Она рассказала это в одной из закусочных, торгующих пиццей, куда повел ее журналист. То был час далеко за полночь, когда бессонный квартал начинает успокаиваться. Военная полиция допрашивала пьяного моряка, негритянский парнишка с расширенными и испуганными глазами почему-то не решался войти в метро…
Журналист видел, как неторопливо пошла его собеседница, как моряк в белых брюках отделился от стены кинотеатра и оба, уже вместе, направились дальше. Было половина пятого утра, и оставалось еще немало времени до того, как солнечный луч появится над «Лоствиллем», потерянным местом ss центре Нью-Йорка.

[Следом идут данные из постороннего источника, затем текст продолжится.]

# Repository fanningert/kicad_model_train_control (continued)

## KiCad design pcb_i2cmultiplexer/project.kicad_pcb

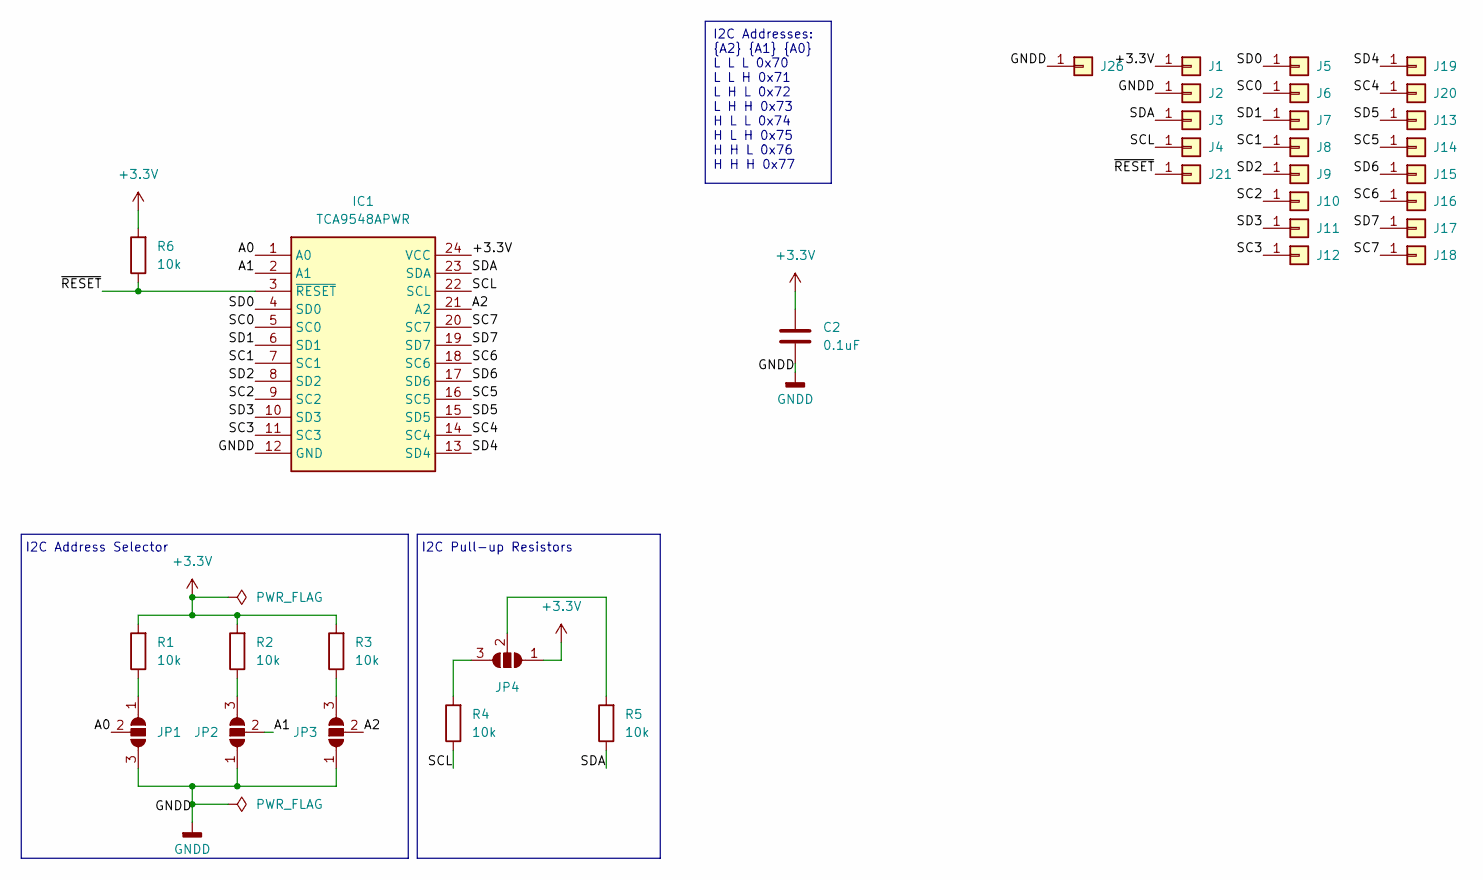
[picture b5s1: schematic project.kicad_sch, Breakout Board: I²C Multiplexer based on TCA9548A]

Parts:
C2: 0.1uF; C_0402_1005Metric_Pad0.74x0.62mm_HandSolder
IC1: TCA9548APWR; SOP65P640X120-24N; Mouser Part Number 595-TCA9548APWR
J1, J2, J3, J4, J5, J6, J7, J8, J9, J10, J11, J12, J13, J14, J15, J16, J17, J18, J19, J20, J21, J26: Castellated_Hole02
JP1, JP2, JP3, JP4: SolderJumper_3_Open; SolderJumper-3_P1.3mm_Open_RoundedPad1.0x1.5mm
R1, R2, R3, R4, R5, R6: 10k; R_0402_1005Metric_Pad0.72x0.64mm_HandSolder

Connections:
+3.3V: C2.1, IC1.24 (VCC), J1.1, JP4.1 (A), R1.2, R2.2, R3.2, R6.2
/A0: IC1.1 (A0), JP1.2 (C)
/A1: IC1.2 (A1), JP2.2 (C)
/A2: IC1.21 (A2), JP3.2 (C)
/SC0: IC1.5 (SC0), J6.1
/SC1: IC1.7 (SC1), J8.1
/SC2: IC1.9 (SC2), J10.1
/SC3: IC1.11 (SC3), J12.1
/SC4: IC1.14 (SC4), J20.1
/SC5: IC1.16 (SC5), J14.1
/SC6: IC1.18 (SC6), J16.1
/SC7: IC1.20 (SC7), J18.1
/SCL: IC1.22 (SCL), J4.1, R4.1
/SD0: IC1.4 (SD0), J5.1
/SD1: IC1.6 (SD1), J7.1
/SD2: IC1.8 (SD2), J9.1
/SD3: IC1.10 (SD3), J11.1
/SD4: IC1.13 (SD4), J19.1
/SD5: IC1.15 (SD5), J13.1
/SD6: IC1.17 (SD6), J15.1
/SD7: IC1.19 (SD7), J17.1
/SDA: IC1.23 (SDA), J3.1, R5.1
/~RESET: IC1.3 (~RESET), J21.1, R6.1
GNDD: C2.2, IC1.12 (GND), J2.1, J26.1, JP1.3 (B), JP2.1 (A), JP3.1 (A)
unnamed: JP1.1 (A), R1.1
unnamed: JP2.3 (B), R2.1
unnamed: JP3.3 (B), R3.1
unnamed: JP4.3 (B), R4.2
unnamed: JP4.2 (C), R5.2

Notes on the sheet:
I2C Addresses: {A2} {A1} {A0} L L L 0x70 L L H 0x71 L H L 0x72 L H H 0x73 H L L 0x74 H L H 0x75 H H L 0x76 H H H 0x77
I2C Pull-up Resistors
I2C Address Selector

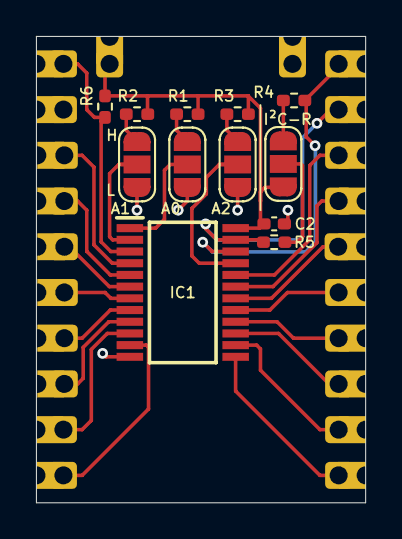
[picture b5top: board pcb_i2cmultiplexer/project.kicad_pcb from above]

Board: 2 copper layers, 18.3 x 25.9 mm, 35 parts (1 on the bottom side), 29 nets.

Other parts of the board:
QR*****: https://github.com/fanningert/kicad_pcb_i2cmultip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; //github.com/fanningert/kicad_pcb_i2cmultiplexer

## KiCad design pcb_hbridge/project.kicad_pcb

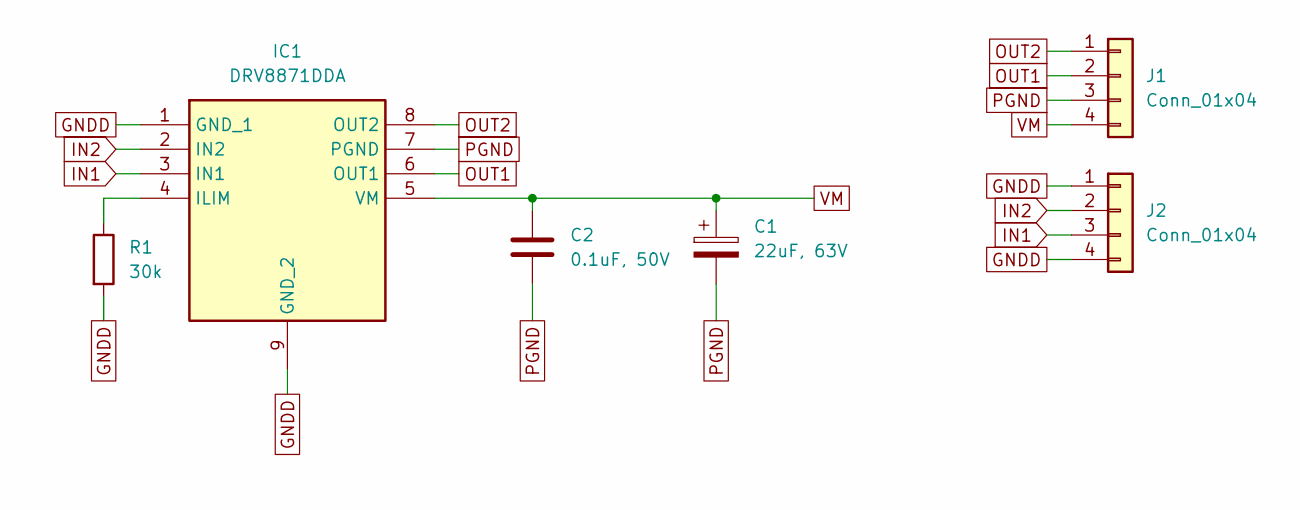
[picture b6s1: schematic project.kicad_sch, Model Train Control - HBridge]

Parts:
C1: 22uF, 63V; CP_Elec_6.3x7.7; Manufacturer_Part_Number Capacitor, 22.0uF, 63V, D6.3xL7.7 SMD; JLCPCB# C473196
C2: 0.1uF, 50V; C_0805_2012Metric_Pad1.18x1.45mm_HandSolder; Manufacturer_Part_Number Capacitor, 0.1uF, 50V, 0805 SMD; JLCPCB# C49678
IC1: DRV8871DDA; SOIC127P600X170-9N; Manufacturer_Part_Number DRV8871DDA; JLCPCB# C1556867
J1, J2: Conn_01x04; PinHeader_1x04_P2.54mm_Vertical
R1: 30k; R_1206_3216Metric_Pad1.30x1.75mm_HandSolder; Manufacturer_Part_Number Resistor, 30.0kΩ, 1206 SMD; JLCPCB# C319666

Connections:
GNDD: IC1.1 (GND_1), IC1.9 (GND_2), J2.1, J2.4, R1.2
IN1: IC1.3 (IN1), J2.3
IN2: IC1.2 (IN2), J2.2
unnamed: IC1.4 (ILIM), R1.1
OUT1: IC1.6 (OUT1), J1.2
OUT2: IC1.8 (OUT2), J1.1
PGND: C1.2, C2.2, IC1.7 (PGND), J1.3
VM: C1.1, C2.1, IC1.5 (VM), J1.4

Перед самым отъездом, считая минуты, я забежал еще раз в знакомый квартал. Казалось, я узнавал героев очерков. Я увидел теперь, сколько здесь полицейских и плечистых молодцов в штатском с повелительными холодными глазами, при приближении которых мгновенно таяли кучки перекидывающихся короткими фразами молодых людей. Я выделял теперь из толпы, спешащей к поездам, красавчиков в обтянутых брючках и с подкрашенными губами, нечистоплотных стариков с блуждающими глазами бродяг. Я различал теперь человеческую накипь, теряющуюся для новичка в полуторамиллионном потоке людей, ежедневно проносящемся через Таймс-сквер на земле и под землей.